Let’s talk about your handbook now. Your handbook will inevitably need updating with respect to government mandates pursuant to masse health events or disasters after a 2 year stretch like 2020-2021. For now, you can issue an addendum with your purpose for the policy, explicit compliance instructions for employees, and your enforcement plans and the process. It should be part of your immediate planning – how you will respond to a vaccine rule, should it go into effect, without injunctions or other censure, with or without full answers from OSHA on how they’ll enforce. And, finally, be prepared to change your plans, as everything about Covid-19 has been full of change.

Risk Assessment

What do you do as a business leader? It is important to know the data and why you make any decision and to take account of costs and benefits. Reliance on any one source these days to make policy decisions can automatically create dissent in your workforce.

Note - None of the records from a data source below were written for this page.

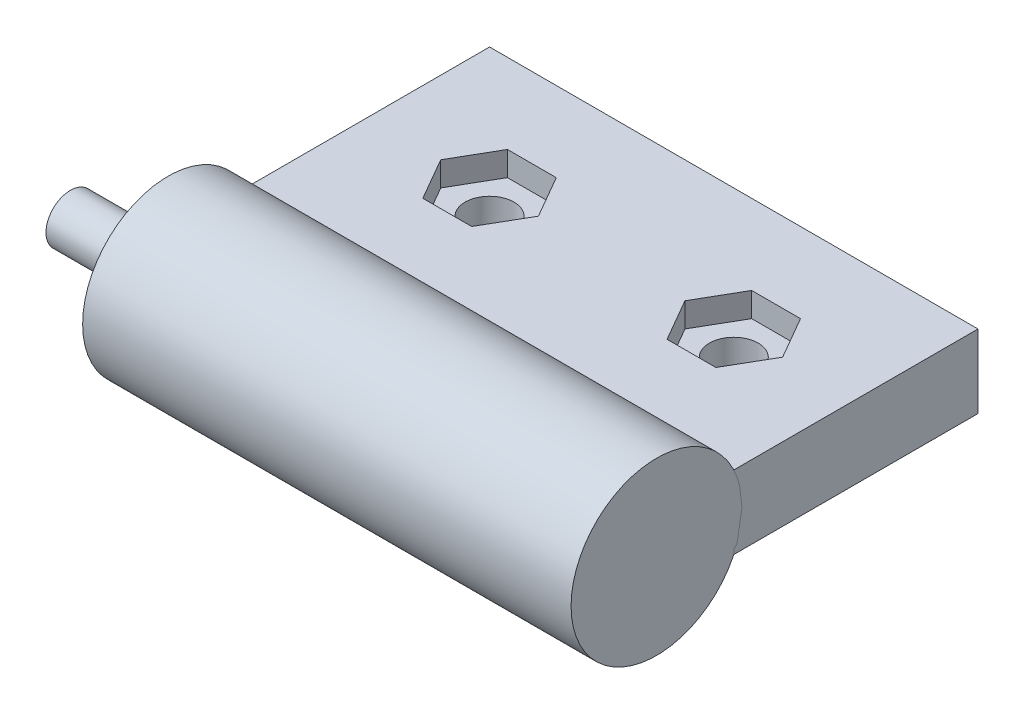
ISO-10303-21;
HEADER;
FILE_DESCRIPTION(('STEP AP214'),'2;1');
FILE_NAME('part.step','',(''),(''),'','','');
FILE_SCHEMA(('AUTOMOTIVE_DESIGN { 1 0 10303 214 1 1 1 1 }'));
ENDSEC;
DATA;
#1=APPLICATION_CONTEXT('core data for automotive mechanical design processes');
#2=APPLICATION_PROTOCOL_DEFINITION('international standard','automotive_design',2000,#1);
#3=PRODUCT_CONTEXT('',#1,'mechanical');
#4=PRODUCT('Part','Part','',(#3));
#5=PRODUCT_RELATED_PRODUCT_CATEGORY('part','',(#4));
#6=PRODUCT_DEFINITION_FORMATION('','',#4);
#7=PRODUCT_DEFINITION_CONTEXT('part definition',#1,'design');
#8=PRODUCT_DEFINITION('design','',#6,#7);
#9=PRODUCT_DEFINITION_SHAPE('','',#8);
#10=(LENGTH_UNIT() NAMED_UNIT(*) SI_UNIT(.MILLI.,.METRE.));
#11=(NAMED_UNIT(*) PLANE_ANGLE_UNIT() SI_UNIT($,.RADIAN.));
#12=(NAMED_UNIT(*) SI_UNIT($,.STERADIAN.) SOLID_ANGLE_UNIT());
#13=UNCERTAINTY_MEASURE_WITH_UNIT(LENGTH_MEASURE(1.E-05),#10,'distance_accuracy_value','');
#14=(GEOMETRIC_REPRESENTATION_CONTEXT(3) GLOBAL_UNCERTAINTY_ASSIGNED_CONTEXT((#13)) GLOBAL_UNIT_ASSIGNED_CONTEXT((#10,
#11,#12)) REPRESENTATION_CONTEXT('',''));
#15=CARTESIAN_POINT('',(0.,0.,0.));
#16=DIRECTION('',(0.,0.,1.));
#17=DIRECTION('',(1.,0.,0.));
#18=AXIS2_PLACEMENT_3D('',#15,#16,#17);
#19=CARTESIAN_POINT('',(-4.94974746830583,0.749999999999999,1.58113883008419));
#20=DIRECTION('',(1.,0.,0.));
#21=DIRECTION('',(0.,0.,-1.));
#22=AXIS2_PLACEMENT_3D('',#19,#20,#21);
#23=CYLINDRICAL_SURFACE('',#22,1.75);
#24=CARTESIAN_POINT('',(0.,0.749999999999999,1.58113883008419));
#25=DIRECTION('',(1.,0.,0.));
#26=DIRECTION('',(0.,0.,-1.));
#27=AXIS2_PLACEMENT_3D('',#24,#25,#26);
#28=CIRCLE('',#27,1.75);
#29=CARTESIAN_POINT('',(0.,0.749999999999999,-0.168861169915811));
#30=VERTEX_POINT('',#29);
#31=EDGE_CURVE('E58',#30,#30,#28,.F.);
#32=ORIENTED_EDGE('',*,*,#31,.F.);
#33=EDGE_LOOP('',(#32));
#34=FACE_BOUND('',#33,.T.);
#35=CARTESIAN_POINT('',(10.,0.749999999999999,1.58113883008419));
#36=DIRECTION('',(1.,0.,0.));
#37=DIRECTION('',(0.,0.,-1.));
#38=AXIS2_PLACEMENT_3D('',#35,#36,#37);
#39=CIRCLE('',#38,1.75);
#40=CARTESIAN_POINT('',(10.,0.749999999999999,-0.168861169915811));
#41=VERTEX_POINT('',#40);
#42=EDGE_CURVE('E68',#41,#41,#39,.T.);
#43=ORIENTED_EDGE('',*,*,#42,.F.);
#44=EDGE_LOOP('',(#43));
#45=FACE_BOUND('',#44,.T.);
#46=ADVANCED_FACE('F55',(#34,#45),#23,.T.);
#47=CARTESIAN_POINT('',(10.,0.749999999999999,1.58113883008419));
#48=DIRECTION('',(1.,0.,0.));
#49=DIRECTION('',(0.,0.,-1.));
#50=AXIS2_PLACEMENT_3D('',#47,#48,#49);
#51=PLANE('',#50);
#52=ORIENTED_EDGE('',*,*,#42,.T.);
#53=EDGE_LOOP('',(#52));
#54=FACE_BOUND('',#53,.T.);
#55=ADVANCED_FACE('F90',(#54),#51,.T.);
#56=CARTESIAN_POINT('',(0.,1.,0.));
#57=DIRECTION('',(1.,0.,0.));
#58=DIRECTION('',(0.,0.,-1.));
#59=AXIS2_PLACEMENT_3D('',#56,#57,#58);
#60=PLANE('',#59);
#61=CARTESIAN_POINT('',(0.,0.749999999999999,1.58113883008419));
#62=DIRECTION('',(-1.,0.,0.));
#63=DIRECTION('',(0.,0.,1.));
#64=AXIS2_PLACEMENT_3D('',#61,#62,#63);
#65=CIRCLE('',#64,0.5);
#66=CARTESIAN_POINT('',(0.,0.749999999999999,2.08113883008419));
#67=VERTEX_POINT('',#66);
#68=EDGE_CURVE('E11',#67,#67,#65,.T.);
#69=ORIENTED_EDGE('',*,*,#68,.F.);
#70=EDGE_LOOP('',(#69));
#71=FACE_BOUND('',#70,.T.);
#72=ORIENTED_EDGE('',*,*,#31,.T.);
#73=EDGE_LOOP('',(#72));
#74=FACE_BOUND('',#73,.T.);
#75=ADVANCED_FACE('F83',(#71,#74),#60,.F.);
#76=CARTESIAN_POINT('',(-2.,0.749999999999999,1.58113883008419));
#77=DIRECTION('',(1.,0.,0.));
#78=DIRECTION('',(0.,0.,-1.));
#79=AXIS2_PLACEMENT_3D('',#76,#77,#78);
#80=CYLINDRICAL_SURFACE('',#79,0.5);
#81=CARTESIAN_POINT('',(-2.,0.749999999999999,1.58113883008419));
#82=DIRECTION('',(-1.,0.,0.));
#83=DIRECTION('',(0.,0.,1.));
#84=AXIS2_PLACEMENT_3D('',#81,#82,#83);
#85=CIRCLE('',#84,0.5);
#86=CARTESIAN_POINT('',(-2.,0.749999999999999,2.08113883008419));
#87=VERTEX_POINT('',#86);
#88=EDGE_CURVE('E70',#87,#87,#85,.T.);
#89=ORIENTED_EDGE('',*,*,#88,.F.);
#90=EDGE_LOOP('',(#89));
#91=FACE_BOUND('',#90,.T.);
#92=ORIENTED_EDGE('',*,*,#68,.T.);
#93=EDGE_LOOP('',(#92));
#94=FACE_BOUND('',#93,.T.);
#95=ADVANCED_FACE('F81',(#91,#94),#80,.T.);
#96=CARTESIAN_POINT('',(-2.,0.749999999999999,1.58113883008419));
#97=DIRECTION('',(-1.,0.,0.));
#98=DIRECTION('',(0.,0.,1.));
#99=AXIS2_PLACEMENT_3D('',#96,#97,#98);
#100=PLANE('',#99);
#101=ORIENTED_EDGE('',*,*,#88,.T.);
#102=EDGE_LOOP('',(#101));
#103=FACE_BOUND('',#102,.T.);
#104=ADVANCED_FACE('F79',(#103),#100,.T.);
#105=CLOSED_SHELL('',(#46,#55,#75,#95,#104));
#106=MANIFOLD_SOLID_BREP('B2',#105);
#107=CARTESIAN_POINT('',(0.,1.,0.));
#108=DIRECTION('',(0.,-1.,0.));
#109=DIRECTION('',(0.,0.,-1.));
#110=AXIS2_PLACEMENT_3D('',#107,#108,#109);
#111=PLANE('',#110);
#112=CARTESIAN_POINT('',(2.5,1.,-2.5));
#113=DIRECTION('',(0.,1.,0.));
#114=DIRECTION('',(0.,0.,1.));
#115=AXIS2_PLACEMENT_3D('',#112,#113,#114);
#116=CIRCLE('',#115,0.5);
#117=CARTESIAN_POINT('',(2.5,1.,-2.));
#118=VERTEX_POINT('',#117);
#119=EDGE_CURVE('E283',#118,#118,#116,.T.);
#120=ORIENTED_EDGE('',*,*,#119,.F.);
#121=EDGE_LOOP('',(#120));
#122=FACE_BOUND('',#121,.T.);
#123=DIRECTION('',(-1.,0.,0.));
#124=VECTOR('',#123,1.);
#125=CARTESIAN_POINT('',(0.,1.,-1.63397459621556));
#126=LINE('',#125,#124);
#127=CARTESIAN_POINT('',(3.,1.,-1.63397459621556));
#128=VERTEX_POINT('',#127);
#129=CARTESIAN_POINT('',(2.,1.,-1.63397459621556));
#130=VERTEX_POINT('',#129);
#131=EDGE_CURVE('E145',#128,#130,#126,.T.);
#132=ORIENTED_EDGE('',*,*,#131,.F.);
#133=DIRECTION('',(0.499999999999998,0.,-0.86602540378444));
#134=VECTOR('',#133,1.);
#135=CARTESIAN_POINT('',(1.54246824526946,1.,0.890544456622768));
#136=LINE('',#135,#134);
#137=CARTESIAN_POINT('',(3.5,1.,-2.5));
#138=VERTEX_POINT('',#137);
#139=EDGE_CURVE('E150',#128,#138,#136,.T.);
#140=ORIENTED_EDGE('',*,*,#139,.T.);
#141=DIRECTION('',(0.499999999999998,0.,0.86602540378444));
#142=VECTOR('',#141,1.);
#143=CARTESIAN_POINT('',(3.70753175473055,1.,-2.14054445662276));
#144=LINE('',#143,#142);
#145=CARTESIAN_POINT('',(3.,1.,-3.36602540378444));
#146=VERTEX_POINT('',#145);
#147=EDGE_CURVE('E360',#146,#138,#144,.T.);
#148=ORIENTED_EDGE('',*,*,#147,.F.);
#149=DIRECTION('',(-1.,0.,0.));
#150=VECTOR('',#149,1.);
#151=CARTESIAN_POINT('',(0.,1.,-3.36602540378444));
#152=LINE('',#151,#150);
#153=CARTESIAN_POINT('',(2.,1.,-3.36602540378444));
#154=VERTEX_POINT('',#153);
#155=EDGE_CURVE('E358',#146,#154,#152,.T.);
#156=ORIENTED_EDGE('',*,*,#155,.T.);
#157=DIRECTION('',(-0.499999999999998,0.,0.86602540378444));
#158=VECTOR('',#157,1.);
#159=CARTESIAN_POINT('',(0.0424682452694592,1.,0.0245190528383332));
#160=LINE('',#159,#158);
#161=CARTESIAN_POINT('',(1.5,1.,-2.5));
#162=VERTEX_POINT('',#161);
#163=EDGE_CURVE('E356',#154,#162,#160,.T.);
#164=ORIENTED_EDGE('',*,*,#163,.T.);
#165=DIRECTION('',(-0.499999999999998,0.,-0.86602540378444));
#166=VECTOR('',#165,1.);
#167=CARTESIAN_POINT('',(2.20753175473055,1.,-1.27451905283832));
#168=LINE('',#167,#166);
#169=EDGE_CURVE('E354',#130,#162,#168,.T.);
#170=ORIENTED_EDGE('',*,*,#169,.F.);
#171=EDGE_LOOP('',(#132,#140,#148,#156,#164,#170));
#172=FACE_BOUND('',#171,.T.);
#173=ADVANCED_FACE('F130',(#122,#172),#111,.F.);
#174=DIRECTION('',(1.,0.,0.));
#175=VECTOR('',#174,1.);
#176=CARTESIAN_POINT('',(0.,1.,-3.36602540378444));
#177=LINE('',#176,#175);
#178=CARTESIAN_POINT('',(7.,1.,-3.36602540378444));
#179=VERTEX_POINT('',#178);
#180=CARTESIAN_POINT('',(8.,1.,-3.36602540378444));
#181=VERTEX_POINT('',#180);
#182=EDGE_CURVE('E366',#179,#181,#177,.T.);
#183=ORIENTED_EDGE('',*,*,#182,.F.);
#184=DIRECTION('',(-0.499999999999999,0.,0.86602540378444));
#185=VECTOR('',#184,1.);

Keep the main thing the main thing – this is about protecting your workers and you may come to a different risk assessment than any voice in the mainstream would have you believe. Remember a primary risk to your business is employee retention.

The point is, you have to dig in with your employees and get personal. This rule, if it goes into affect, will impact your business. At the very least, you'll have to gather and report to OSHA. Try to get ahead of the matter by determining your position on it, how it will impact your employees, and how you can mitigate sentiment, loss, and risk with a sound communications strategy.